───── EXTRACTED MATERIAL ─────
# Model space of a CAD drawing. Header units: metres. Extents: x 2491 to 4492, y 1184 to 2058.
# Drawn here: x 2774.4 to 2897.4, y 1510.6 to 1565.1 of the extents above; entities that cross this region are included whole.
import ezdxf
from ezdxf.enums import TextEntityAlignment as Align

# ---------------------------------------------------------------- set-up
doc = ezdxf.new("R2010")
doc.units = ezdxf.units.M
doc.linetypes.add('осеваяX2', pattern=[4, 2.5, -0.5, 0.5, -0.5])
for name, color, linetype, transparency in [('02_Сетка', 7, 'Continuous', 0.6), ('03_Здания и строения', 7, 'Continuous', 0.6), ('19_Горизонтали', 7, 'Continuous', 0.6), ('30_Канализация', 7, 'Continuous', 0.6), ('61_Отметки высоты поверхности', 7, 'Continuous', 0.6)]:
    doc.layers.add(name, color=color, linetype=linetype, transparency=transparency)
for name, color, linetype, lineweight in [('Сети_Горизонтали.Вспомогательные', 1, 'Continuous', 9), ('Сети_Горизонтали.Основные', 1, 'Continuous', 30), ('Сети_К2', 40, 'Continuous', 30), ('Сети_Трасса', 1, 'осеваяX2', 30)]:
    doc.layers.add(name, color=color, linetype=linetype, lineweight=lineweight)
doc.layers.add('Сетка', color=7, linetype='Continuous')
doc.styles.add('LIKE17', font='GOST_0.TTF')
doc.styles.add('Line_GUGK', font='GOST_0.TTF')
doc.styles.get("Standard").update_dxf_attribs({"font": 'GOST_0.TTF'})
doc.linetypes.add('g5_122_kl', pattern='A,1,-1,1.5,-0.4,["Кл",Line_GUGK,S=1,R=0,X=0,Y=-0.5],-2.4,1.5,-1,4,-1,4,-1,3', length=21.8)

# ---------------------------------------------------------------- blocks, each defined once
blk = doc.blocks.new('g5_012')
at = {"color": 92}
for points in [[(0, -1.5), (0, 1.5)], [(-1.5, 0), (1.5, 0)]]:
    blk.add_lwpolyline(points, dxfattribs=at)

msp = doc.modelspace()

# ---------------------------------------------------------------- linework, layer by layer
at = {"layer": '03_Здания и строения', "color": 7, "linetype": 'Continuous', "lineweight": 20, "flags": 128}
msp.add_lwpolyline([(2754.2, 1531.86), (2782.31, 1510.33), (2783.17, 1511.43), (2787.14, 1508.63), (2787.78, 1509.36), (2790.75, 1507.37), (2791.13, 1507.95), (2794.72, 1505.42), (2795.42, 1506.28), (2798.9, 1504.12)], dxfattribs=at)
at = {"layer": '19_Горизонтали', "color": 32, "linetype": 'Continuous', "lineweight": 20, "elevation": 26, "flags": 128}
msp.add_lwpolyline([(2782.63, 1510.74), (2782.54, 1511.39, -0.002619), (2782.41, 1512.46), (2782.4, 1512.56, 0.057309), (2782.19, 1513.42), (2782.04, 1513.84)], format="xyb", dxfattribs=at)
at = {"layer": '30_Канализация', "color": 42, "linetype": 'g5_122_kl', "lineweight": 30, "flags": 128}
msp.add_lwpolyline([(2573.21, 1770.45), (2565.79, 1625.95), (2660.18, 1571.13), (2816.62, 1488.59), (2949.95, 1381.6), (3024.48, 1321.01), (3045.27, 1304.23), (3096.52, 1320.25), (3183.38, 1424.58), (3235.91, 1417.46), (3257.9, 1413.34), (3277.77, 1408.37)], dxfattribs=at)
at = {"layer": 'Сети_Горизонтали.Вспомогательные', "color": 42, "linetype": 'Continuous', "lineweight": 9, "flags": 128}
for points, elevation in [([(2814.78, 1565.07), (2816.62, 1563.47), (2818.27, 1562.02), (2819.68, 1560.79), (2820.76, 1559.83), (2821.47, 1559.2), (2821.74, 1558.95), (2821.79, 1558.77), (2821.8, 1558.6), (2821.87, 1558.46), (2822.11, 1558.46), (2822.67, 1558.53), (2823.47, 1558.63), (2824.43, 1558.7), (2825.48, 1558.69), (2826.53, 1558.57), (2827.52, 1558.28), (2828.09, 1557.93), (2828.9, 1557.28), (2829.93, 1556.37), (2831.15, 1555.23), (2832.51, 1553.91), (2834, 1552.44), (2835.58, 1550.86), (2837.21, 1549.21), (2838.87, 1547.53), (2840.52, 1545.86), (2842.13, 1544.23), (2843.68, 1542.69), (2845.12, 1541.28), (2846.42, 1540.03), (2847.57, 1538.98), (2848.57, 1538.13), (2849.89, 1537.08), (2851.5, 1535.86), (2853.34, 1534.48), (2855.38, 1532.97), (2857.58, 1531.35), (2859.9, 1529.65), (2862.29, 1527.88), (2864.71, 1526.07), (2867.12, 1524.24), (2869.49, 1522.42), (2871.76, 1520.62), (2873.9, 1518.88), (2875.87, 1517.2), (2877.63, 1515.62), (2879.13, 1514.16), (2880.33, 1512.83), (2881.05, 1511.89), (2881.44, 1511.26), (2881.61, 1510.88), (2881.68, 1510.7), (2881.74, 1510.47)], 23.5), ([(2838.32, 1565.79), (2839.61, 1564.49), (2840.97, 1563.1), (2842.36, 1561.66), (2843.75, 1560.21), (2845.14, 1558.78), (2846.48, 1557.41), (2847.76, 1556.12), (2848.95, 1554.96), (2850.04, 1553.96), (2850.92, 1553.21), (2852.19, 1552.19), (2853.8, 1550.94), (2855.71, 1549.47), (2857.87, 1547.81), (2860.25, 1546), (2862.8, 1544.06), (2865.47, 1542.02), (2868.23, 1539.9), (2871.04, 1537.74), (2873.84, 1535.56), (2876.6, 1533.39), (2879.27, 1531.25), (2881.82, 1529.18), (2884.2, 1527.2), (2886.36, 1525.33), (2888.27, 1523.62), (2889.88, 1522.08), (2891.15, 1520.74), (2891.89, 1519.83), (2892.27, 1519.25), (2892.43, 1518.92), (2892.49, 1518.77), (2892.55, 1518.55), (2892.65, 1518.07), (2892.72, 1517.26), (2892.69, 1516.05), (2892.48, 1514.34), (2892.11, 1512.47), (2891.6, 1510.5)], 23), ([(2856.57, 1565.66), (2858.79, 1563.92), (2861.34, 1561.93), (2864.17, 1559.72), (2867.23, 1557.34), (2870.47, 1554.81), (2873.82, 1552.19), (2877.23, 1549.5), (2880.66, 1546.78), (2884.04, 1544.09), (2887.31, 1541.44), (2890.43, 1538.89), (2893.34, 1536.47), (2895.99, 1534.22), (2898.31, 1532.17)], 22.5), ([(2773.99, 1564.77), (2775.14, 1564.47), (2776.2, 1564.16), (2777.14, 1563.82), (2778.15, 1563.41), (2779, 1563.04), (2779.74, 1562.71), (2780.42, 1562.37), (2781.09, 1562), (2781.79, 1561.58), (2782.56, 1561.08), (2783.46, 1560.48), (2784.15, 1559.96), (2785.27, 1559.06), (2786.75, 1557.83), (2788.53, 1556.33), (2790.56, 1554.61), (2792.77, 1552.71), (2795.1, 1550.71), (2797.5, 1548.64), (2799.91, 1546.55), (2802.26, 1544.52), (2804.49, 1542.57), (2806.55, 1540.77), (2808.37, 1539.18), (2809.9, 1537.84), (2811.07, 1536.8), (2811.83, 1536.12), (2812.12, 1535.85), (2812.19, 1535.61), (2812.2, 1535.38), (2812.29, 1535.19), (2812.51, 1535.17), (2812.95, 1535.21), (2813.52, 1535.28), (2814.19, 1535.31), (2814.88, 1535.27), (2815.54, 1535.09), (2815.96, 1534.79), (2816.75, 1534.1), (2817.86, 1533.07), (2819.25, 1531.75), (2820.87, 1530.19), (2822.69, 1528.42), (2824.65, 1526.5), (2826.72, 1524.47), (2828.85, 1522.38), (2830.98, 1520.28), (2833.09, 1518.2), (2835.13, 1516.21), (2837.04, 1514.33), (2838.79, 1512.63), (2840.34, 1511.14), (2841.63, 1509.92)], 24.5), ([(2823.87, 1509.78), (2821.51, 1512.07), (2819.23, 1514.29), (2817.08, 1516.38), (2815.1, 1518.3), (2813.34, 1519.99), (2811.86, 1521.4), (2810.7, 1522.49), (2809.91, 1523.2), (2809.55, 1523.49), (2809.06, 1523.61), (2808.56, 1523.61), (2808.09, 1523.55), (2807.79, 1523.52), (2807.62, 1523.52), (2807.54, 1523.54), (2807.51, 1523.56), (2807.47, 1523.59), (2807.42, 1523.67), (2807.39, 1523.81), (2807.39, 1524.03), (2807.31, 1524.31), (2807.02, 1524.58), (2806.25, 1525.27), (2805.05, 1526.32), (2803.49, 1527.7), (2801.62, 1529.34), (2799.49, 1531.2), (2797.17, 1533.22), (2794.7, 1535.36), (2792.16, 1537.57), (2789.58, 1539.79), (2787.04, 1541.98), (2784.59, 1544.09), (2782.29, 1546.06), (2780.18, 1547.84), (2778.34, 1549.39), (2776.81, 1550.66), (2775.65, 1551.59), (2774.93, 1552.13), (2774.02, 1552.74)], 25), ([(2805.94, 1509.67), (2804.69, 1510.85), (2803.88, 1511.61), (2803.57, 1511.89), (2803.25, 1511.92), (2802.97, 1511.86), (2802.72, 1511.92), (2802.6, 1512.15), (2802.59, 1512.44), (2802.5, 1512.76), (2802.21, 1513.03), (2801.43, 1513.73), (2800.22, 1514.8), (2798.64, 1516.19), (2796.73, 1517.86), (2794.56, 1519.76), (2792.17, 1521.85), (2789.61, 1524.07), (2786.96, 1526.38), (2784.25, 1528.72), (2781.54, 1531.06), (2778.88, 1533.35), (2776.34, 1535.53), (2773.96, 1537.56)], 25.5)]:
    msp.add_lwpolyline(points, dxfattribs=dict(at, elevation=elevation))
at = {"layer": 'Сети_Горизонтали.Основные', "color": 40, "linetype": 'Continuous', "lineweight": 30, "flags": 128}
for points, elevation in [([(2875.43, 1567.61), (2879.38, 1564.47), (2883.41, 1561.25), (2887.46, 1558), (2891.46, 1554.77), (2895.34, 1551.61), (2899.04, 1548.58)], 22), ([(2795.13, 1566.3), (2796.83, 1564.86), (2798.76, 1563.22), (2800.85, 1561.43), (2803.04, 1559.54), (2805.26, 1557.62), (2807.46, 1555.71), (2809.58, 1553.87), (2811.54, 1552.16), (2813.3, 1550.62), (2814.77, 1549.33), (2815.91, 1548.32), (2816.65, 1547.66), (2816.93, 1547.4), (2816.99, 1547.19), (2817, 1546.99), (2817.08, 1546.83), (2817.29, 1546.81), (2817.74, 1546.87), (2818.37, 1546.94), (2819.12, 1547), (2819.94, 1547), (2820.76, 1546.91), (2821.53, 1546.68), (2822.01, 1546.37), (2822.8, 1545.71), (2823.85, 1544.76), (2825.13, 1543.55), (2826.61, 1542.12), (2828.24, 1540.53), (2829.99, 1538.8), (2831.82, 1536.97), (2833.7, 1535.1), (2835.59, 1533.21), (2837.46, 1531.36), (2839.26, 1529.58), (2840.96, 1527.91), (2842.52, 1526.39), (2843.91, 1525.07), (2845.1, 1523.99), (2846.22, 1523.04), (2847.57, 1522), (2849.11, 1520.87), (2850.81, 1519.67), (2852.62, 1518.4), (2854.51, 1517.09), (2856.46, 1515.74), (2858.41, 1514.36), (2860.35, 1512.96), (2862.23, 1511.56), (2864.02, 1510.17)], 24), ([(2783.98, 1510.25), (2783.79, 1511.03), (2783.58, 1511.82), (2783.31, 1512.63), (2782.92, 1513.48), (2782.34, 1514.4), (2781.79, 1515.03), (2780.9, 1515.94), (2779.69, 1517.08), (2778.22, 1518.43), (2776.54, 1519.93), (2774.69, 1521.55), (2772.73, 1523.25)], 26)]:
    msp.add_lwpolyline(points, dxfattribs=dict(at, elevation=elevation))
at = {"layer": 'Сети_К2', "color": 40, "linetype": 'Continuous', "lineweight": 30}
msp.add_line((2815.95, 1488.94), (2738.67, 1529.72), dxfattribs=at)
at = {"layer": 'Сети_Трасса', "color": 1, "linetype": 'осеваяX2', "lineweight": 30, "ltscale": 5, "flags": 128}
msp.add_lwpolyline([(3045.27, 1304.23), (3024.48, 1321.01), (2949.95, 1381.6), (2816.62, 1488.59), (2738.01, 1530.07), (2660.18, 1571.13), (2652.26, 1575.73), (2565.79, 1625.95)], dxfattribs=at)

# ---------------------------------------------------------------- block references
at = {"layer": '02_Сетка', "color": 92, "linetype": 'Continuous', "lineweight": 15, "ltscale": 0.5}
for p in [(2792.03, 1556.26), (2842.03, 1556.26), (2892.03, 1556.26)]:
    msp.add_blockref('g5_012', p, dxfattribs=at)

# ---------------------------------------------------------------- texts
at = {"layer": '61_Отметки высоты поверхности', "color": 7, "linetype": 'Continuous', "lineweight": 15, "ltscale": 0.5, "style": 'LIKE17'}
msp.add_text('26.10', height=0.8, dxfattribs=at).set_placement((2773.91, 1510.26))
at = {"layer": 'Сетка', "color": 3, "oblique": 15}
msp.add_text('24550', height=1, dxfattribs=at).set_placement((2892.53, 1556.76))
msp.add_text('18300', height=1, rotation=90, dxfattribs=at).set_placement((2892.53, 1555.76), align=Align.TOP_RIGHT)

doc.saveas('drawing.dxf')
─────
- EXERCISE PROMPT -
Going back to the entries above, set down exactly the lines that begin at the one with "from ezdxf.enums import" and end at the one with "color=color, linetype=linetype, transparency=transparency)", both included, and nothing else.

- WRITTEN ANSWER -
from ezdxf.enums import TextEntityAlignment as Align

# ---------------------------------------------------------------- set-up
doc = ezdxf.new("R2010")
doc.units = ezdxf.units.M
doc.linetypes.add('осеваяX2', pattern=[4, 2.5, -0.5, 0.5, -0.5])
for name, color, linetype, transparency in [('02_Сетка', 7, 'Continuous', 0.6), ('03_Здания и строения', 7, 'Continuous', 0.6), ('19_Горизонтали', 7, 'Continuous', 0.6), ('30_Канализация', 7, 'Continuous', 0.6), ('61_Отметки высоты поверхности', 7, 'Continuous', 0.6)]:
    doc.layers.add(name, color=color, linetype=linetype, transparency=transparency)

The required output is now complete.